§ **Records shown**
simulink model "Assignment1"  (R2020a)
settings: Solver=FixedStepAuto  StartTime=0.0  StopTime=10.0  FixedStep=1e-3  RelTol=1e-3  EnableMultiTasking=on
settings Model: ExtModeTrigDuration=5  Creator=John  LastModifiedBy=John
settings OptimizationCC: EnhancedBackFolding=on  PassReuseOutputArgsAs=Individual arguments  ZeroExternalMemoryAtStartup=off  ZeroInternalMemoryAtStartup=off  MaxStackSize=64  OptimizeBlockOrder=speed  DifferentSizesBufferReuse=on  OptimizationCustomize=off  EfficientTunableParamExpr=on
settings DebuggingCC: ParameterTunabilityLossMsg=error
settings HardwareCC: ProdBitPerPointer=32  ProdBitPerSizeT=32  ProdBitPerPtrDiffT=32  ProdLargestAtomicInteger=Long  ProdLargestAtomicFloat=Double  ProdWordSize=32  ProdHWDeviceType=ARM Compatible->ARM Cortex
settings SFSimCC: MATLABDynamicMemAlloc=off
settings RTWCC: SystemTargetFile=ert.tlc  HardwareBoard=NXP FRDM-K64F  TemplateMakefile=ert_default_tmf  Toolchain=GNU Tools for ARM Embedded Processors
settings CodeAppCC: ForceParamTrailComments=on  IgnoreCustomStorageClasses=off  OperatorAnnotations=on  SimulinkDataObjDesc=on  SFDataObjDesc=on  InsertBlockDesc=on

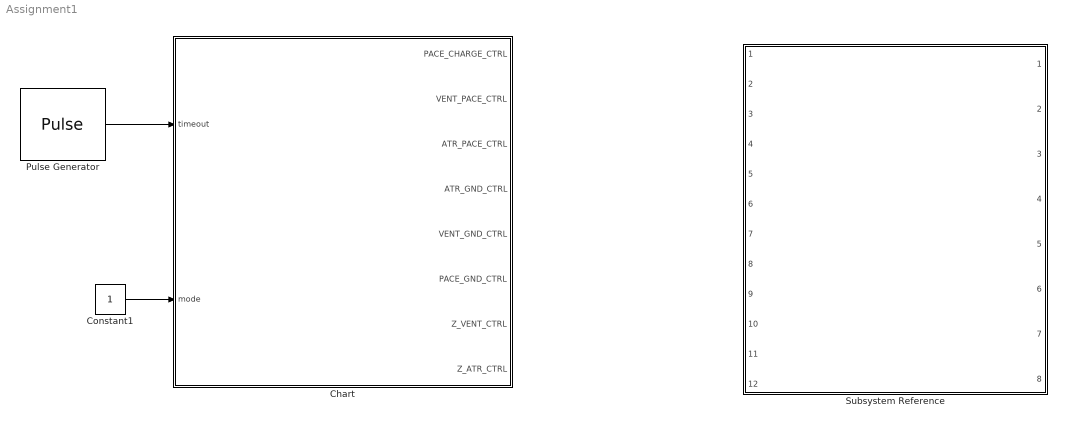
== system Assignment1 ==
  Chart : Stateflow chart  TreatAsAtomicUnit=on
  Constant1 : Constant
  Pulse Generator : DiscretePulseGenerator  PulseType=Time based  Period=1  PulseWidth=50
  Subsystem Reference : Subsystem  ReferencedSubsystem=k64f_subsystem
  wires:
  Pulse Generator/1 -> Chart/1(timeout)
  Constant1/1 -> Chart/2(mode)

== stateflow chart Assignment1/Chart ==
  state CHARGING
    entry:
    PACE_CHARGE_CTRL = 1
  state IDLE
    entry:
    ATR_PACE_CTRL = 0
    VENT_PACE_CTRL = 0
    Z_VENT_CTRL = 1;
    Z_ATR_CTRL = 1;
  state DELAY
  state Select_mode
    entry:
    VENT_GND_CTRL = 0
    ATR_GND_CTRL = 0
  state Atrial_Pacing
    entry:
    ATR_PACE_CTRL = 1
    VENT_PACE_CTRL = 0
    PACE_GND_CTRL = 1;
    Z_VENT_CTRL = 0;
    Z_ATR_CTRL = 0;
  state No_Pacing
    entry:
    ATR_PACE_CTRL = 0
    VENT_PACE_CTRL = 0
  state Ventricular_Pacing
    entry:
    ATR_PACE_CTRL = 0
    VENT_PACE_CTRL = 1
    PACE_GND_CTRL = 1;
    Z_VENT_CTRL = 0;
    Z_ATR_CTRL = 0;
  state Discharging
    entry:
    VENT_GND_CTRL = 1
    ATR_GND_CTRL = 1
  (default) -> IDLE
  Discharging -> IDLE
  IDLE -> CHARGING
  CHARGING -> DELAY
  DELAY -> Select_mode : [timeout == 1]
  Select_mode -> Atrial_Pacing [order 1] : [mode == 1]
  Select_mode -> Ventricular_Pacing [order 2] : [mode == 2]
  Select_mode -> No_Pacing [order 3] : [mode == 3]
  No_Pacing -> Discharging
  Atrial_Pacing -> Discharging
  Ventricular_Pacing -> Discharging
  data: PACE_CHARGE_CTRL output; VENT_PACE_CTRL output; ATR_PACE_CTRL output; timeout input; ATR_GND_CTRL output; VENT_GND_CTRL output; PACE_GND_CTRL output; mode input; Z_VENT_CTRL output; Z_ATR_CTRL output

§ **What you have to do**
Each record above goes into the copy unchanged; the pictures do not.

§ **Answer**
simulink model "Assignment1"  (R2020a)
settings: Solver=FixedStepAuto  StartTime=0.0  StopTime=10.0  FixedStep=1e-3  RelTol=1e-3  EnableMultiTasking=on
settings Model: ExtModeTrigDuration=5  Creator=John  LastModifiedBy=John
settings OptimizationCC: EnhancedBackFolding=on  PassReuseOutputArgsAs=Individual arguments  ZeroExternalMemoryAtStartup=off  ZeroInternalMemoryAtStartup=off  MaxStackSize=64  OptimizeBlockOrder=speed  DifferentSizesBufferReuse=on  OptimizationCustomize=off  EfficientTunableParamExpr=on
settings DebuggingCC: ParameterTunabilityLossMsg=error
settings HardwareCC: ProdBitPerPointer=32  ProdBitPerSizeT=32  ProdBitPerPtrDiffT=32  ProdLargestAtomicInteger=Long  ProdLargestAtomicFloat=Double  ProdWordSize=32  ProdHWDeviceType=ARM Compatible->ARM Cortex
settings SFSimCC: MATLABDynamicMemAlloc=off
settings RTWCC: SystemTargetFile=ert.tlc  HardwareBoard=NXP FRDM-K64F  TemplateMakefile=ert_default_tmf  Toolchain=GNU Tools for ARM Embedded Processors
settings CodeAppCC: ForceParamTrailComments=on  IgnoreCustomStorageClasses=off  OperatorAnnotations=on  SimulinkDataObjDesc=on  SFDataObjDesc=on  InsertBlockDesc=on

== system Assignment1 ==
  Chart : Stateflow chart  TreatAsAtomicUnit=on
  Constant1 : Constant
  Pulse Generator : DiscretePulseGenerator  PulseType=Time based  Period=1  PulseWidth=50
  Subsystem Reference : Subsystem  ReferencedSubsystem=k64f_subsystem
  wires:
  Pulse Generator/1 -> Chart/1(timeout)
  Constant1/1 -> Chart/2(mode)

== stateflow chart Assignment1/Chart ==
  state CHARGING
    entry:
    PACE_CHARGE_CTRL = 1
  state IDLE
    entry:
    ATR_PACE_CTRL = 0
    VENT_PACE_CTRL = 0
    Z_VENT_CTRL = 1;
    Z_ATR_CTRL = 1;
  state DELAY
  state Select_mode
    entry:
    VENT_GND_CTRL = 0
    ATR_GND_CTRL = 0
  state Atrial_Pacing
    entry:
    ATR_PACE_CTRL = 1
    VENT_PACE_CTRL = 0
    PACE_GND_CTRL = 1;
    Z_VENT_CTRL = 0;
    Z_ATR_CTRL = 0;
  state No_Pacing
    entry:
    ATR_PACE_CTRL = 0
    VENT_PACE_CTRL = 0
  state Ventricular_Pacing
    entry:
    ATR_PACE_CTRL = 0
    VENT_PACE_CTRL = 1
    PACE_GND_CTRL = 1;
    Z_VENT_CTRL = 0;
    Z_ATR_CTRL = 0;
  state Discharging
    entry:
    VENT_GND_CTRL = 1
    ATR_GND_CTRL = 1
  (default) -> IDLE
  Discharging -> IDLE
  IDLE -> CHARGING
  CHARGING -> DELAY
  DELAY -> Select_mode : [timeout == 1]
  Select_mode -> Atrial_Pacing [order 1] : [mode == 1]
  Select_mode -> Ventricular_Pacing [order 2] : [mode == 2]
  Select_mode -> No_Pacing [order 3] : [mode == 3]
  No_Pacing -> Discharging
  Atrial_Pacing -> Discharging
  Ventricular_Pacing -> Discharging
  data: PACE_CHARGE_CTRL output; VENT_PACE_CTRL output; ATR_PACE_CTRL output; timeout input; ATR_GND_CTRL output; VENT_GND_CTRL output; PACE_GND_CTRL output; mode input; Z_VENT_CTRL output; Z_ATR_CTRL output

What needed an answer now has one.